春の交通安全運動 平成30年(2018年)

「春の全国交通安全運動」期間中の交通事故発生状況が発表されました。おもなデーターをまとめています。 ※データー出典:政府統計(PDF)

発生件数・死傷者数

人身事故発生件数 10,668件
前年比-1,564件
負傷者数 12,961人
前年比-2,076人
死者数 84人
前年比+10人

死者数は過去5年間で2番目に少ない。
平成でもっとも多かった平成4年(296人)に比べ、212人少ない。

おもな発生状況

  • 交通事故死ゼロを目指す日(4月10日)の死者数は12人。
  • もっとも死者数が多かった日は、13日(金)で15人。
  • 死者数のうち、65歳以上の高齢者は46人(54.8%)
  • 飲酒運転による事故件数は49件(死者は2人)。
  • 死者数が多かったのは、福岡県(7人)、愛知県・埼玉県(各6人)、新潟県・千葉県・静岡県・三重県(各4人)。
  • 死者数が0人の都道府県は、岩手県、秋田県、山梨県、長野県、富山県、岐阜県、奈良県、鳥取県、高知県、大分県。

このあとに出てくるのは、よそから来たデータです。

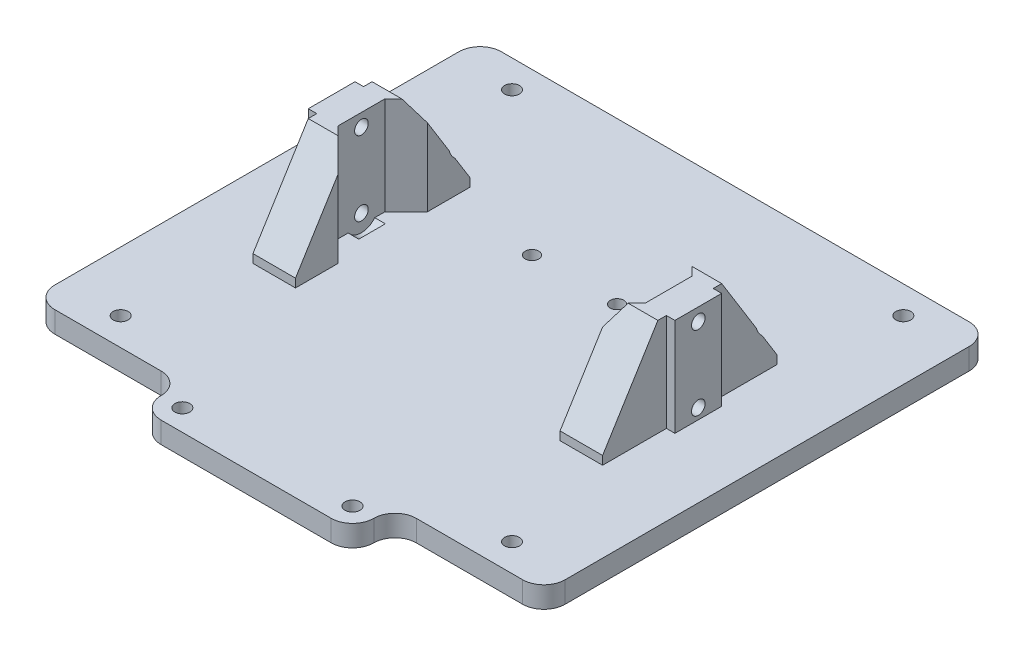
SolidWorks part; units mm, degrees
ref_plane "정면" through (0, 0, 0) normal (0, 0, 1) x (1, 0, 0)
ref_plane "윗면" through (0, 0, 0) normal (0, 1, 0) x (1, 0, 0)
ref_plane "우측면" through (0, 0, 0) normal (1, 0, 0) x (0, 0, -1)
sketch "스케치1" plane through (0, 0, 0) normal (0, 1, 0) x (1, 0, 0)
  line L0 (-25, -52.5) -> (-60, -52.5)
  line L1 (60, 52.5) -> (-60, 52.5)
  line L2 (60, 52.5) -> (60, -52.5)
  line L3 (60, -52.5) -> (25, -52.5)
  line L4 (-60, 52.5) -> (-60, -52.5)
  line L5 (60, 52.5) -> (-60, -52.5) construction
  line L6 (60, -52.5) -> (-60, 52.5) construction
  line L7 (25, -62.5) -> (-25, -62.5)
  line L8 (25, -62.5) -> (25, -52.5)
  line L10 (-25, -62.5) -> (-25, -52.5)
  line L11 (25, -62.5) -> (-25, -52.5) construction
  line L12 (25, -52.5) -> (-25, -62.5) construction
  point P0 (0, 0)
  point P6 (0, -57.5)
  dimension "D1" = 120
  dimension "D2" = 105
  dimension "D3" = 50
  dimension "D4" = 10
extrude "보스-돌출1" add sketch "스케치1" along normal blind 5
fillet "필렛1" radius 5 8 edges at (60, 2.5, -52.5) (60, 2.5, 52.5) (-60, 2.5, -52.5) (-60, 2.5, 52.5) (-25, 2.5, 52.5) (25, 2.5, 52.5) (25, 2.5, 62.5) (-25, 2.5, 62.5)
sketch "스케치2" plane through (0, 5, 0) normal (0, 1, 0) x (1, 0, 0)
  line L0 (-43.1, 29.5) -> (-43.1, -5.3) construction
  line L1 (-36.1, -4.8) -> (-43.1, -4.8)
  line L2 (-36.1, -4.8) -> (-36.1, 6.2)
  line L3 (-36.1, 6.2) -> (-43.1, 6.2)
  line L4 (-43.1, -4.8) -> (-43.1, 6.2)
  line L5 (-61.9, -0.8) -> (-43.1, -0.8) construction
  line L6 (-43.1, 2.2) -> (-61.9, 2.2) construction
  dimension "D1" = 7
  dimension "D2" = 4
  dimension "D3" = 4
extrude "보스-돌출2" add sketch "스케치2" along normal blind 23 separate body
sketch "스케치3" plane through (-36.1, 0, 0) normal (1, 0, 0) x (0, 0, -1)
  circle A0 centre (0.7, 7.5) radius 1.5 construction
  circle A1 centre (0.7, 25) radius 1.5 construction
  circle A2 centre (0.7, 25) radius 1.6
  circle A3 centre (0.7, 7.5) radius 1.6
  circle A4 centre (0.7, 7.5) radius 1.5 construction
  circle A5 centre (0.7, 25) radius 1.5 construction
  dimension "D1" = 3.2
  dimension "D2" = 3.2
extrude "컷-돌출1" cut sketch "스케치3" against normal through all
mirror "대칭 복사1" about plane through (0, 0, 0) normal (1, 0, 0) of bodies 103
sketch "스케치5" plane through (0, 5, 0) normal (0, 1, 0) x (1, 0, 0)
  circle A0 centre (-46, -46) radius 1.75 construction
  circle A1 centre (-46, 46) radius 1.75 construction
  circle A2 centre (46, 46) radius 1.75 construction
  circle A3 centre (46, -46) radius 1.75 construction
  circle A4 centre (-46, -46) radius 1.75
  circle A5 centre (-46, 46) radius 1.75
  circle A6 centre (46, 46) radius 1.75
  circle A7 centre (46, -46) radius 1.75
extrude "컷-돌출3" cut sketch "스케치5" against normal through all
sketch "스케치6" plane through (0, 5, 0) normal (0, 1, 0) x (1, 0, 0)
  circle A0 centre (20, -57.5) radius 1.75 construction
  circle A1 centre (-20, -57.5) radius 1.75 construction
  circle A2 centre (20, -57.5) radius 1.75
  circle A3 centre (-20, -57.5) radius 1.75
extrude "컷-돌출4" cut sketch "스케치6" against normal through all
sketch "Sketch2" plane through (36.1, 0, 0) normal (-1, 0, 0) x (0, 0, 1)
  circle A0 centre (-0.7, 7.5) radius 4
  dimension "D1" = 8
extrude "Cut-Extrude1" cut sketch "Sketch2" along normal blind 2.5
sketch "Sketch3" plane through (-36.1, 0, 0) normal (1, 0, 0) x (0, 0, -1)
  circle A0 centre (0.7, 7.5) radius 4
  dimension "D1" = 8
extrude "Cut-Extrude2" cut sketch "Sketch3" along normal blind 2.5
sketch "Sketch4" plane through (0, 5, 0) normal (0, 1, 0) x (1, 0, 0)
  line L0 (-10, 0) -> (10, 0) construction
  line L1 (10, 0) -> (10, 14.7) construction
  line L2 (10, 14.7) -> (-10, 14.7) construction
  line L3 (-10, 14.7) -> (-10, 0) construction
  line L4 (55, 52.5) -> (-55, 52.5) construction
  circle A0 centre (10, 0) radius 1.5 construction
  circle A1 centre (-10, 0) radius 1.5 construction
  circle A2 centre (10, 0) radius 1.5 construction
  circle A3 centre (-10, 0) radius 1.5 construction
  circle A4 centre (-10, 0) radius 1.6
  circle A5 centre (10, 0) radius 1.6
  circle A6 centre (-10, 14.7) radius 1.6
  circle A7 centre (10, 14.7) radius 1.6
  dimension "D1" = 3.2
  dimension "D2" = 3.2
  dimension "D3" = 37.8
extrude "Cut-Extrude3" cut sketch "Sketch4" against normal through all and the other way through all
sketch "스케치9" plane through (-36.1, 0, 0) normal (1, 0, 0) x (0, 0, -1)
  line L0 (-4.8, 5) -> (6.2, 5) construction
  line L1 (-4.8, 5) -> (-19.8, 5)
  line L2 (-4.8, 5) -> (-4.8, 28)
  line L3 (-4.8, 28) -> (-19.8, 28)
  line L4 (-19.8, 5) -> (-19.8, 28)
  line L5 (-4.8, 28) -> (-4.8, 5) construction
  line L6 (8.2, 28) -> (21.2, 7)
  line L7 (-19.8, 7) -> (-6.8, 28)
  line L8 (6.2, 5) -> (21.2, 5)
  line L9 (6.2, 5) -> (6.2, 28)
  line L10 (6.2, 28) -> (21.2, 28)
  line L11 (21.2, 5) -> (21.2, 28)
  line L12 (-4.8, 28) -> (6.2, 28) construction
  circle A1 centre (20.7, 16) radius 4.5
  circle A2 centre (0.7, 25) radius 1.6 construction
  line M13 (6.2, 5) -> (6.2, 28)
  line M15 (-4.8, 28) -> (-4.8, 5)
  dimension "D3" = 11
  dimension "D5" = 9
  dimension "D1" = 15
  dimension "D2" = 15
  dimension "D4" = 20
  dimension "D6" = 2
  dimension "D7" = 2
  dimension "D8" = 2
  dimension "D9" = 2
extrude "보스-돌출4" add sketch "스케치9" along normal blind 5 and the other way blind 5 contours L7 L4 L1 L3 M15 | A1 L6 L10 L8 L11 M13 region at (-36.1, 13.554, 10.2269) region at (-36.1, 13.5537, -11.6185)
sketch "스케치10" plane through (36.1, 0, 0) normal (-1, 0, 0) x (0, 0, 1)
  line L0 (4.8, 28) -> (-6.2, 28) construction
  line L1 (-6.2, 5) -> (-21.2, 5)
  line L2 (-6.2, 5) -> (-6.2, 28)
  line L3 (-6.2, 28) -> (-21.2, 28)
  line L4 (-21.2, 5) -> (-21.2, 28)
  line L5 (4.8, 28) -> (19.8, 28)
  line L6 (4.8, 28) -> (4.8, 5)
  line L7 (4.8, 5) -> (19.8, 5)
  line L8 (19.8, 28) -> (19.8, 5)
  line L9 (-8.2, 28) -> (-21.2, 7)
  line L10 (6.8, 28) -> (19.8, 7)
  line L11 (4.8, 5) -> (-6.2, 5) construction
  circle A0 centre (-20.7, 16) radius 4.5
  circle A1 centre (-0.7, 25) radius 1.6 construction
  line M13 (4.8, 5) -> (4.8, 28)
  line M15 (-6.2, 28) -> (-6.2, 5)
  dimension "D7" = 9
  dimension "D1" = 15
  dimension "D2" = 15
  dimension "D3" = 2
  dimension "D4" = 2
  dimension "D5" = 2
  dimension "D6" = 2
  dimension "D8" = 20
  dimension "D9" = 11
extrude "보스-돌출5" add sketch "스케치10" along normal blind 5 and the other way blind 5 contours A0 L9 L4 L1 L3 M15 | L10 L5 L7 L8 M13 region at (36.1, 13.5537, -11.6185) region at (36.1, 13.554, 10.2269)
chamfer "모따기1" distance 5 4 edges at (-31.1, 16.5, -6.2) (-31.1, 16.5, 4.8) (31.1, 16.5, -6.2) (31.1, 16.5, 4.8)
sketch "스케치12" plane through (0, 5, 0) normal (0, 1, 0) x (1, 0, 0)
  circle A0 centre (-10, 0) radius 1.6
  circle A1 centre (10, 0) radius 1.6
extrude "보스-돌출6" add sketch "스케치12" against normal blind 5

ゴールデンウィーク中の交通事故対策をまとめています。>>

「春の全国交通安全運動」は、4月6日(金)から15日(日)までの10日間です。

小学校に入学する児童や自転車で通学する生徒が増える季節です。また自動車やバイクの運転免許を取得したばかりのドライバーも増加し、事故のリスクが高まる時期です。

春の全国交通安全運動

  • 実施期間:平成30年4月6日(金)~4月15日(日)の10日間
  • 交通事故死ゼロを目指す日:4月10日(火)
  • スローガン:「春風に 一緒にのせよう ゆとりとマナー」

運動の基本方針

  1. 子供と高齢者の安全な通行の確保と高齢運転者の交通事故防止
  2. 自転車の安全利用の推進
  3. 全ての座席のシートベルトとチャイルドシートの正しい着用の徹底
  4. 飲酒運転の根絶

ポスター・リーフレット

内閣府および警察庁が配布しているポスター・リーフレットです。それぞれPDF形式で表示・印刷できます。ご家庭や職場、学校に掲示することで、事故防止が期待できます。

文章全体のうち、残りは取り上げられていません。